* Brief: Could you print exactly the lines of the listing below, starting at the line that has "unnamed: C55.1, R60.2" and ending at the line that has "unnamed: C45.2, R43.2, U6.3 (+)", and only those lines?
▽
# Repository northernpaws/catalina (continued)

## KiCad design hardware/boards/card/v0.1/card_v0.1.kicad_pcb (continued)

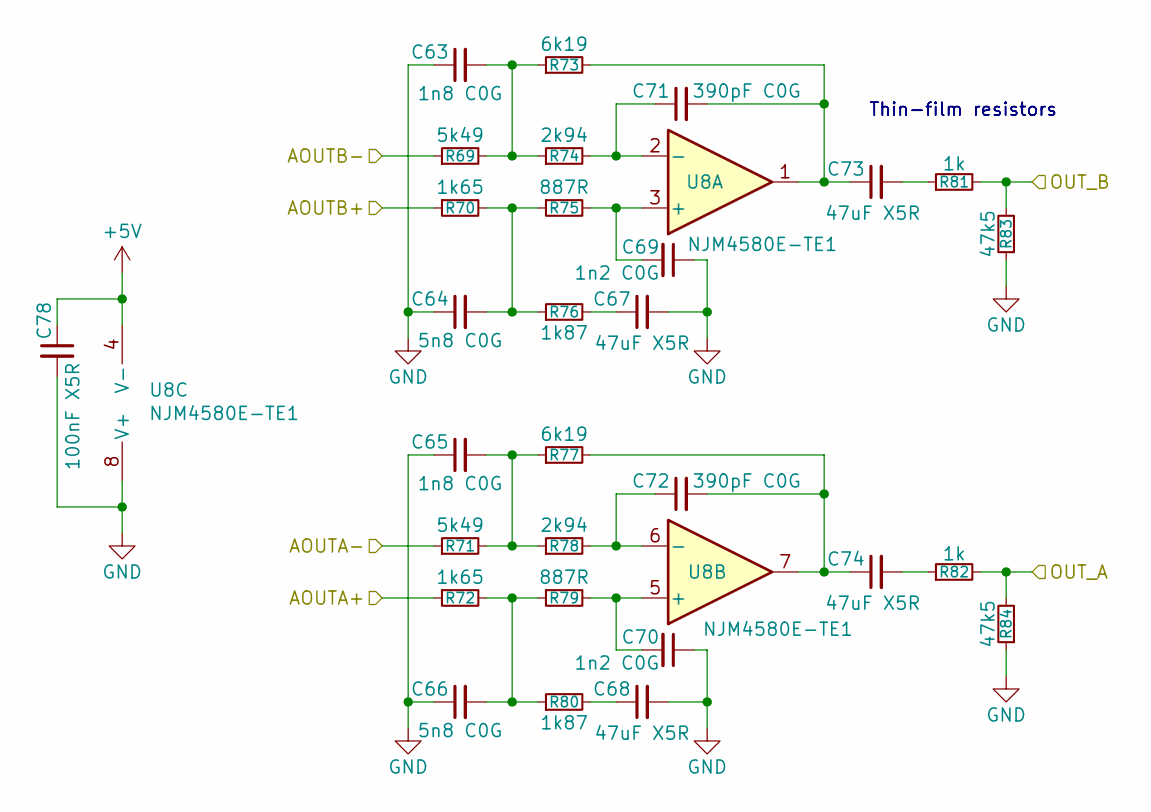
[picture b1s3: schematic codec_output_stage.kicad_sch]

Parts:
C63, C65: 1n8 C0G; C0402
C64, C66: 5n8 C0G; C0402
C67, C68, C73, C74: 47uF X5R; C0805
C69, C70: 1n2 C0G; C0402
C71, C72: 390pF C0G; C0402
C78: 100nF X5R; C0402
R69, R71: 5k49; R0402
R70, R72: 1k65; R0402
R73, R77: 6k19; R0402
R74, R78: 2k94; R0402
R75, R79: 887R; R0402
R76, R80: 1k87; R0402
R81, R82: 1k; R0402
R83, R84: 47k5; R0402
U8: NJM4580E-TE1; TSSOP-8_3x3mm_P0.65mm

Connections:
+5V: C78.1, U8.4 (V-); also elsewhere on the board
/Audio Codec/AOUTA1+: R72.1; also elsewhere on the board
/Audio Codec/AOUTA1-: R71.1; also elsewhere on the board
/Audio Codec/AOUTB1+: R70.1; also elsewhere on the board
/Audio Codec/AOUTB1-: R69.1; also elsewhere on the board
/Audio Codec/OUT_A1: R82.2, R84.2; also elsewhere on the board
/Audio Codec/OUT_B1: R81.2, R83.2; also elsewhere on the board
GND: C63.1, C64.1, C65.1, C66.1, C67.2, C68.2, C69.1, C70.1, C78.2, R83.1, R84.1, U8.8 (V+); also elsewhere on the board
unnamed: C63.2, R69.2, R73.1, R74.1
unnamed: C64.2, R70.2, R75.1, R76.1
unnamed: C65.2, R71.2, R77.1, R78.1
unnamed: C66.2, R72.2, R79.1, R80.1
unnamed: C67.1, R76.2
unnamed: C68.1, R80.2
unnamed: C71.2, C73.1, R73.2, U8.1
unnamed: C72.2, C74.1, R77.2, U8.7
unnamed: C73.2, R81.1
unnamed: C74.2, R82.1
unnamed: C69.2, R75.2, U8.3 (+)
unnamed: C71.1, R74.2, U8.2 (-)
unnamed: C70.2, R79.2, U8.5 (+)
unnamed: C72.1, R78.2, U8.6 (-)

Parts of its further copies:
C18, C33, C39, C41, C51, C53: 1n8 C0G; C0402
C19, C34, C40, C42, C52, C54: 5n8 C0G; C0402
C24, C37, C47, C48, C59, C60: 390pF C0G; C0402
C30, C32, C35, C38, C43, C44, C49, C50, C55, C56, C61, C62: 47uF X5R; C0805
C31, C36, C45, C46, C57, C58: 1n2 C0G; C0402
C75, C76, C77: 100nF X5R; C0402
R21, R32, R42, R46, R58, R62: 2k94; R0402
R22, R29, R37, R39, R53, R55: 5k49; R0402
R23, R30, R38, R40, R54, R56: 1k65; R0402
R24, R33, R43, R47, R59, R63: 887R; R0402
R25, R31, R41, R45, R57, R61: 6k19; R0402
R26, R34, R44, R48, R60, R64: 1k87; R0402
R27, R35, R49, R50, R65, R66: 1k; R0402
R28, R36, R51, R52, R67, R68: 47k5; R0402
U5, U6, U7: NJM4580E-TE1; TSSOP-8_3x3mm_P0.65mm

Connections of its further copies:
+5V: C75.1, C76.1, C77.1, U5.4 (V-), U6.4 (V-), U7.4 (V-); also elsewhere on the board
/Audio Codec/AOUTA2+: R56.1; also elsewhere on the board
/Audio Codec/AOUTA2-: R55.1; also elsewhere on the board
/Audio Codec/AOUTA3+: R40.1; also elsewhere on the board
/Audio Codec/AOUTA3-: R39.1; also elsewhere on the board
/Audio Codec/AOUTA4+: R30.1; also elsewhere on the board
/Audio Codec/AOUTA4-: R29.1; also elsewhere on the board
/Audio Codec/AOUTB2+: R54.1; also elsewhere on the board
/Audio Codec/AOUTB2-: R53.1; also elsewhere on the board
/Audio Codec/AOUTB3+: R38.1; also elsewhere on the board
/Audio Codec/AOUTB3-: R37.1; also elsewhere on the board
/Audio Codec/AOUTB4+: R23.1; also elsewhere on the board
/Audio Codec/AOUTB4-: R22.1; also elsewhere on the board
/Audio Codec/OUT_A2: R66.2, R68.2; also elsewhere on the board
/Audio Codec/OUT_A3: R50.2, R52.2; also elsewhere on the board
/Audio Codec/OUT_A4: R35.2, R36.2; also elsewhere on the board
/Audio Codec/OUT_B2: R65.2, R67.2; also elsewhere on the board
/Audio Codec/OUT_B3: R49.2, R51.2; also elsewhere on the board
/Audio Codec/OUT_B4: R27.2, R28.2; also elsewhere on the board
GND: C18.1, C19.1, C30.2, C31.1, C33.1, C34.1, C35.2, C36.1, C39.1, C40.1, C41.1, C42.1, C43.2, C44.2, C45.1, C46.1, C51.1, C52.1, C53.1, C54.1, C55.2, C56.2, C57.1, C58.1, C75.2, C76.2, C77.2, R28.1, R36.1, R51.1, R52.1, R67.1, R68.1, U5.8 (V+), U6.8 (V+), U7.8 (V+); also elsewhere on the board
unnamed: C18.2, R21.1, R22.2, R25.1
unnamed: C19.2, R23.2, R24.1, R26.1
unnamed: C24.2, C32.1, R25.2, U5.1
unnamed: C30.1, R26.2
unnamed: C32.2, R27.1
unnamed: C33.2, R29.2, R31.1, R32.1
unnamed: C34.2, R30.2, R33.1, R34.1
unnamed: C35.1, R34.2
unnamed: C37.2, C38.1, R31.2, U5.7
unnamed: C38.2, R35.1
unnamed: C39.2, R37.2, R41.1, R42.1
unnamed: C40.2, R38.2, R43.1, R44.1
unnamed: C41.2, R39.2, R45.1, R46.1
unnamed: C42.2, R40.2, R47.1, R48.1
unnamed: C43.1, R44.2
unnamed: C44.1, R48.2
unnamed: C47.2, C49.1, R41.2, U6.1
unnamed: C48.2, C50.1, R45.2, U6.7
unnamed: C49.2, R49.1
unnamed: C50.2, R50.1
unnamed: C51.2, R53.2, R57.1, R58.1
unnamed: C52.2, R54.2, R59.1, R60.1
unnamed: C53.2, R55.2, R61.1, R62.1
unnamed: C54.2, R56.2, R63.1, R64.1
unnamed: C55.1, R60.2
unnamed: C56.1, R64.2
unnamed: C59.2, C61.1, R57.2, U7.1
unnamed: C60.2, C62.1, R61.2, U7.7
unnamed: C61.2, R65.1
unnamed: C62.2, R66.1
unnamed: C31.2, R24.2, U5.3 (+)
unnamed: C24.1, R21.2, U5.2 (-)
unnamed: C36.2, R33.2, U5.5 (+)
unnamed: C37.1, R32.2, U5.6 (-)
unnamed: C45.2, R43.2, U6.3 (+)
unnamed: C47.1, R42.2, U6.2 (-)
unnamed: C46.2, R47.2, U6.5 (+)
unnamed: C48.1, R46.2, U6.6 (-)
unnamed: C57.2, R59.2, U7.3 (+)
unnamed: C59.1, R58.2, U7.2 (-)
unnamed: C58.2, R63.2, U7.5 (+)
unnamed: C60.1, R62.2, U7.6 (-)

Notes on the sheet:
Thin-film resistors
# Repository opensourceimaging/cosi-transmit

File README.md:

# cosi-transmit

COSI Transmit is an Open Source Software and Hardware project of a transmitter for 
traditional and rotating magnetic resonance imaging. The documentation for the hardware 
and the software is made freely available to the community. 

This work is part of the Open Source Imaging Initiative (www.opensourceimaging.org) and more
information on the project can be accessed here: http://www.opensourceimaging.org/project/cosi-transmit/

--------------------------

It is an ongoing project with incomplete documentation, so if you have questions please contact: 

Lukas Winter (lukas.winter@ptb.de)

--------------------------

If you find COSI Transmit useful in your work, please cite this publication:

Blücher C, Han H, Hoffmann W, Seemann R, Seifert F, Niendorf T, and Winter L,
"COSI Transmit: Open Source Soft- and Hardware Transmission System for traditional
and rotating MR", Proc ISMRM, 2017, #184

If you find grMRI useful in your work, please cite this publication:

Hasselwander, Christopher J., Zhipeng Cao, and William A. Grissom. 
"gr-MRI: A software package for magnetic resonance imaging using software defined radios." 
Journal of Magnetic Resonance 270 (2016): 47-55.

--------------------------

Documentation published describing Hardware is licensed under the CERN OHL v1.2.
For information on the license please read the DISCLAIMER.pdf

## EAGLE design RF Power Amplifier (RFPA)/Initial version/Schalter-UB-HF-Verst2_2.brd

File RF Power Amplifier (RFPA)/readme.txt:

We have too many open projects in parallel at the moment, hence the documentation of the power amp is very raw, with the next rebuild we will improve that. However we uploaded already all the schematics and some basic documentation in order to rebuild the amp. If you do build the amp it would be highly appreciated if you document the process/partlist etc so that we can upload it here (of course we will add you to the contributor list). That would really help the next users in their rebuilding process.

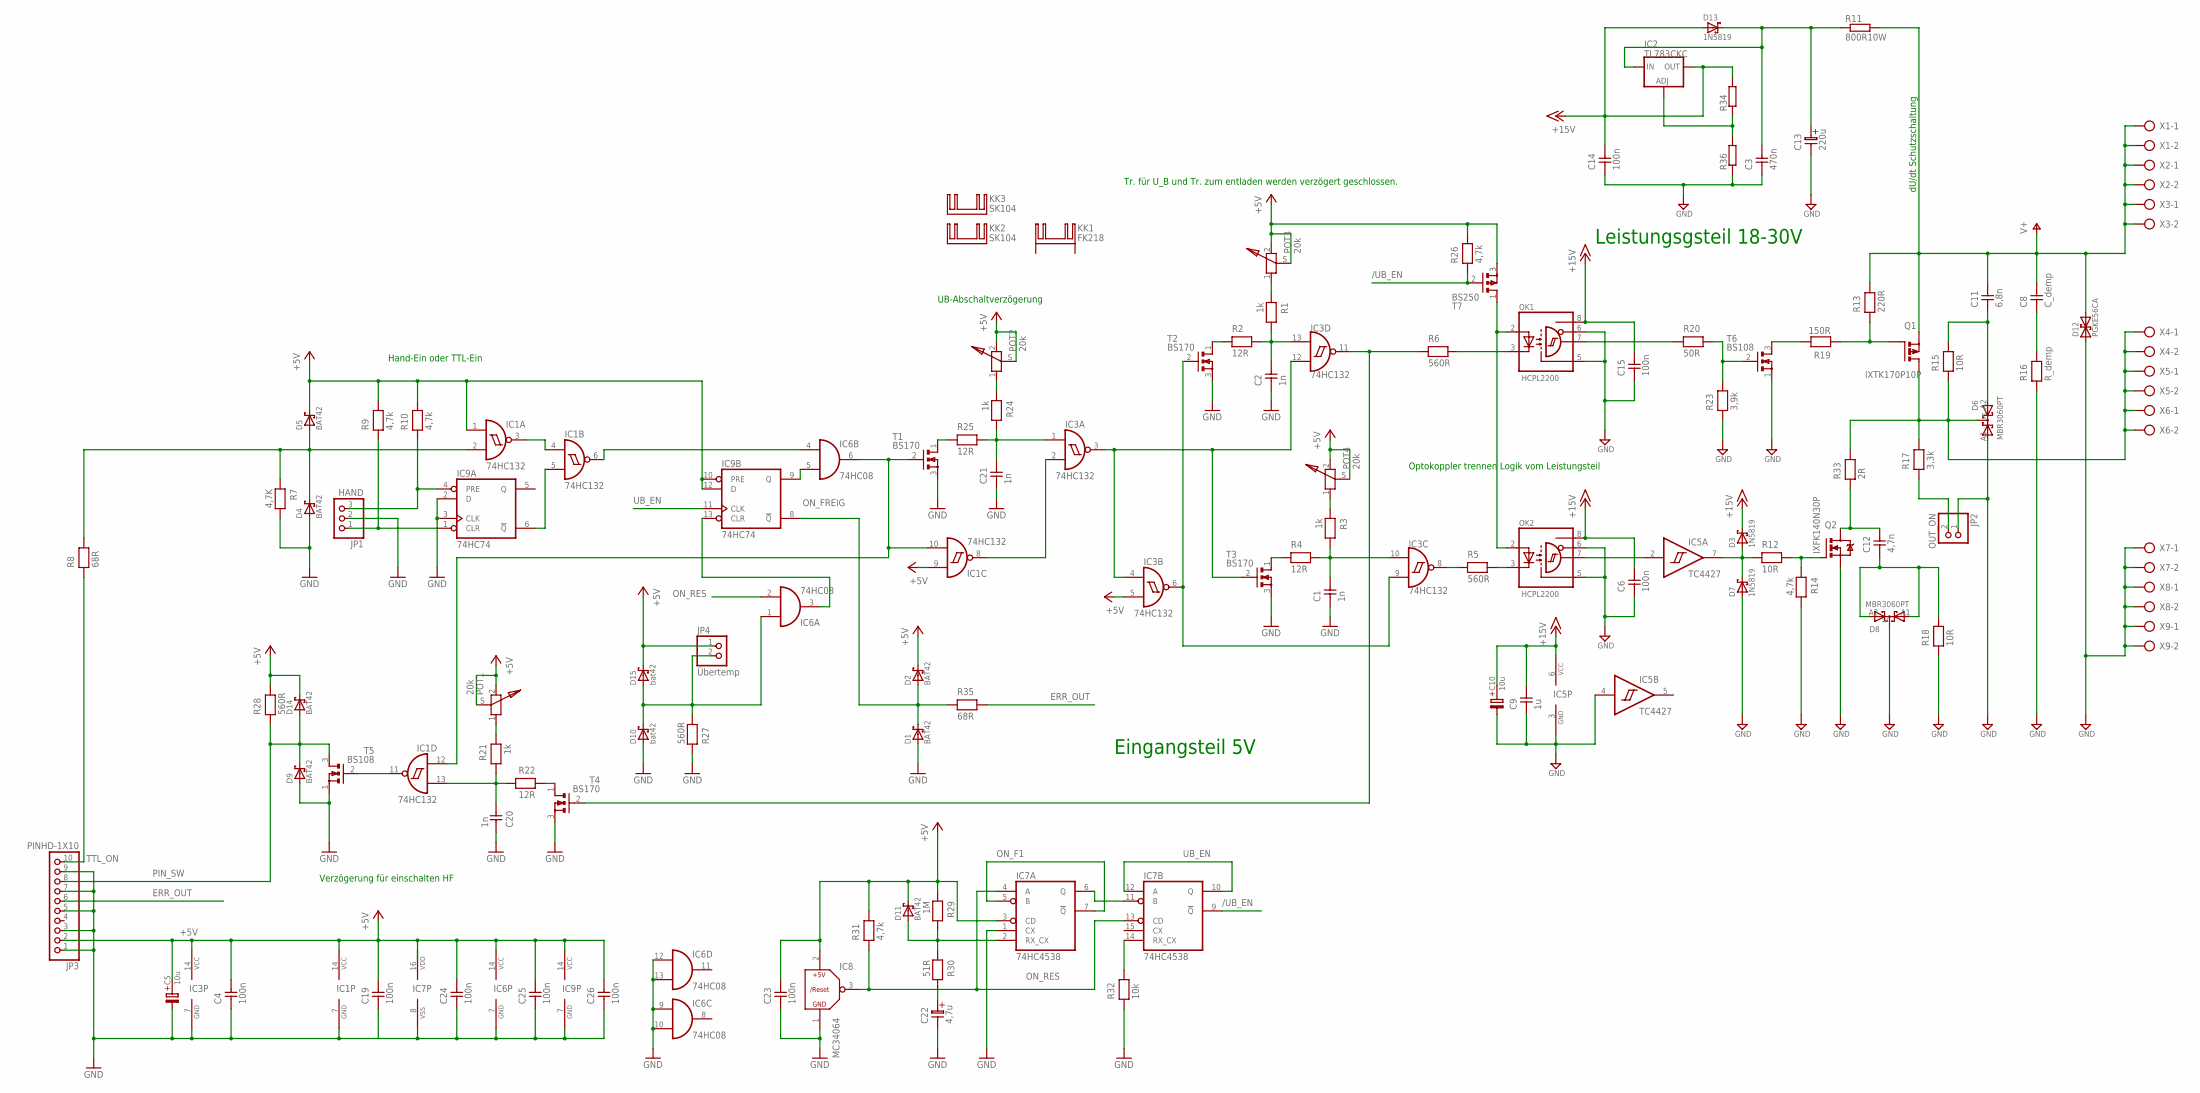
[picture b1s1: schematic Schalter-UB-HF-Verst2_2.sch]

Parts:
C1, C2, C20, C21: 1n; C-2,5
C3: 470n; C-5
C4, C6, C14, C15, C19, C23, C24, C25, C26: 100n; C-2,5
C5, C10: 10u; B45181A
C8: C_demp; C-7,5
C9: 1u; C-5
C11: 6,8n; C-10
C12: 4,7n; C-10
C13: 220u; ES-5
C22: 4,7u; ES-2,5
D1, D2, D4, D5, D9, D11, D14: BAT42; D-5
D3, D7: 1N5819; F-126-10
D6, D8: MBR3060PT; SOT93S
D10, D15: bat42; D-5
D12: PGKE56CA; CB417-15
D13: 1N5819; F126-10
IC1, IC3: 74HC132; DIL14
IC2: TL783CKC; TO220S
IC5: TC4427; DIL08
IC6: 74HC08; DIL14
IC7: 74HC4538; DIL16
IC8: MC34064; TO92
IC9: 74HC74; DIL14
JP1: HAND; 1X03
JP2: OUT_ON; 1X02
JP3: PINHD-1X10; 1X10
JP4: Übertemp; 1X02
KK1: FK218
KK2, KK3: SK104
OK1, OK2: HCPL2200; DIL08
POT1, POT2, POT3, POT4: 20k; PT-10-SI
Q1: IXTK170P10P; TO220BV
Q2: IXFK140N30P; TO247BV
R1, R3, R21, R24: 1k; R-7,5
R2, R4, R22, R25: 12R; R-7,5
R5, R6, R27, R28: 560R; R-7,5
R7: 4,7K; R-7,5
R8, R35: 68R; R-7,5
R9, R10, R14, R26: 4,7k; R-7,5
R11: 800R10W; P0817V
R12: 10R; R-7,5
R13: 220R; R25
R15, R18: 10R; R-12,5
R16: R_demp; R-12,5
R17: 3,3k; R-12,5
R19: 150R; R-12,5
R20: 50R; R-7,5
R23: 3,9k; R-7,5
R29: 1M; R-7,5
R30: 51R; R-7,5
R31: 4,7k; RS-2,5
R32: 10k; R-7,5
R33: 2R; R-TO220
R34, R36: R-EU_0204/7; 0204/7
T1, T2, T3, T4: BS170; TO-92
T5, T6: BS108; TO92-
T7: BS250; TO-92
X1, X2, X3, X4, X5, X6, X7, X8, X9: AK500/2

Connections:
+5V: C4.2, C5.+, C19.2, C23.2, C24.2, C25.2, C26.2, D2.2 (K), D5.2 (K), D11.2 (K), D14.2 (K), D15.2 (K), IC1.1 (I0), IC1.9 (I0), IC1.14 (VCC), IC3.5 (I1), IC3.14 (VCC), IC6.14 (VCC), IC7.3 (CD), IC7.16 (VDD), IC8.2 (+5V), IC9.10 (PRE), IC9.12 (D), IC9.14 (VCC), JP3.2, JP4.1, POT1.2, POT1.S (3), POT2.2, POT2.S (3), POT3.2, POT3.S (3), POT4.2, POT4.S (3), R9.2, R10.2, R26.2, R28.2, R29.1, R31.2, T7.3 (S)
+15V: C6.2, C9.2, C10.+, C14.2, C15.2, D3.K, D13.A, IC2.2 (OUT), IC5.6 (VCC), OK1.8 (VCC), OK2.8 (VCC), R34.2
/UB_EN: IC7.9 (!Q), R26.1, T7.2 (G)
ERR_OUT: JP3.6, R35.2
GND: C1.1, C2.1, C4.1, C5.-, C19.1, C20.1, C21.1, C22.2, C23.1, C24.1, C25.1, C26.1, D1.1 (A), D4.1 (A), D9.1 (A), D10.1 (A), IC1.7 (GND), IC3.7 (GND), IC6.7 (GND), IC6.9 (I0), IC6.10 (I1), IC6.12 (I0), IC6.13 (I1), IC7.1 (CX), IC7.8 (VSS), IC8.1 (GND), IC9.2 (D), IC9.3 (CLK), IC9.7 (GND), JP1.2, JP3.1, JP3.3, JP3.5, JP3.7, JP3.9, R7.2, R27.1, R32.1, T1.3 (S), T2.3 (S), T3.3 (S), T4.3 (S), T5.1 (S)
GND-PWR: C3.1, C6.1, C9.1, C10.-, C13.2, C14.1, C15.1, D6.A1, D7.A, D8.K, D12.A (1), IC5.3 (GND), IC5.4 (I), JP2.1, OK1.5 (GND), OK1.6 (VE), OK2.5 (GND), OK2.6 (VE), Q2.S, R14.2, R16.1, R18.1, R23.1, R36.1, T6.1 (S), X7.1, X7.2, X8.1, X8.2, X9.1, X9.2
HAND_OFF: IC9.4 (PRE), JP1.3, R10.1
HAND_ON: IC9.1 (CLR), JP1.1, R9.1
unnamed: C1.2, IC3.10 (I1), R3.2, R4.2
unnamed: IC3.6 (O), IC3.9 (I0), T2.2 (G)
unnamed: R2.1, T2.1 (D)
unnamed: C2.2, IC3.13 (I1), R1.2, R2.2
unnamed: IC1.3 (O), IC1.4 (I0)
unnamed: IC6.3 (O), IC9.13 (CLR)
unnamed: R4.1, T3.1 (D)
unnamed: IC2.1 (ADJ), R34.1, R36.2
unnamed: OK1.3 (K), R6.2
unnamed: IC3.11 (O), R6.1, T4.2 (G)
unnamed: OK2.3 (K), R5.2
unnamed: IC3.8 (O), R5.1
unnamed: D3.A, D7.K, IC5.7 (O), R12.1
unnamed: D1.2 (K), D2.1 (A), IC9.8 (!Q), R35.1
unnamed: D4.2 (K), D5.1 (A), IC1.2 (I1), R7.1, R8.2
unnamed: IC1.6 (O), IC6.4 (I0)
unnamed: Q2.G, R12.2, R14.1
unnamed: C8.1, R16.2
unnamed: JP2.2, R17.1
unnamed: POT3.1, R1.1
unnamed: IC1.11 (O), T5.2 (G)
unnamed: R20.2, R23.2, T6.2 (G)
unnamed: IC5.2 (I), OK2.7 (VO)
unnamed: C20.2, IC1.13 (I1), R21.2, R22.2
unnamed: Q1.G, R13.1, R19.1
unnamed: C11.1, D6.A2, R15.2
unnamed: R19.2, T6.3 (D)
unnamed: C12.2, Q2.D, R33.1
unnamed: POT4.1, R3.1
unnamed: C12.1, D8.A1, D8.A2, R18.2
unnamed: IC1.8 (O), IC3.2 (I1)
unnamed: IC3.3 (O), IC3.4 (I0), IC3.12 (I0), T3.2 (G)
unnamed: IC1.5 (I1), IC9.6 (!Q)
unnamed: IC1.10 (I1), IC1.12 (I0), IC6.6 (O), T1.2 (G)
unnamed: R22.1, T4.1 (D)
unnamed: OK1.7 (VO), R20.1
unnamed: POT2.1, R24.1
unnamed: C21.2, IC3.1 (I0), R24.2, R25.2
unnamed: R25.1, T1.1 (D)
unnamed: IC7.6 (Q), IC7.11 (B)
unnamed: OK1.2 (A), OK2.2 (A), T7.1 (D)
unnamed: POT1.1, R21.1
unnamed: C22.1, R30.2
unnamed: D11.1 (A), IC7.2 (RX_CX), R29.2, R30.1
unnamed: IC7.14 (RX_CX), R32.2
ON_F1: IC7.5 (B), IC7.7 (!Q)
ON_FREIG: IC6.5 (I1), IC9.9 (Q)
ON_RES: IC6.2 (I1), IC7.4 (A), IC7.13 (CD), IC8.3 (/RESET), R31.1
OUT: D6.K, Q1.S, R15.1, R17.2, R33.2, X4.1, X4.2, X5.1, X5.2, X6.1, X6.2
PIN_SW: D9.2 (K), D14.1 (A), JP3.8, R28.1, T5.3 (D)
TEMP_OFF: D10.2 (K), D15.1 (A), IC6.1 (I0), JP4.2, R27.2
TTL_ON: JP3.10, R8.1
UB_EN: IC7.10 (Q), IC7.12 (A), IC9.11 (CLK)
△
* Output of the exercise:
unnamed: C55.1, R60.2
unnamed: C56.1, R64.2
unnamed: C59.2, C61.1, R57.2, U7.1
unnamed: C60.2, C62.1, R61.2, U7.7
unnamed: C61.2, R65.1
unnamed: C62.2, R66.1
unnamed: C31.2, R24.2, U5.3 (+)
unnamed: C24.1, R21.2, U5.2 (-)
unnamed: C36.2, R33.2, U5.5 (+)
unnamed: C37.1, R32.2, U5.6 (-)
unnamed: C45.2, R43.2, U6.3 (+)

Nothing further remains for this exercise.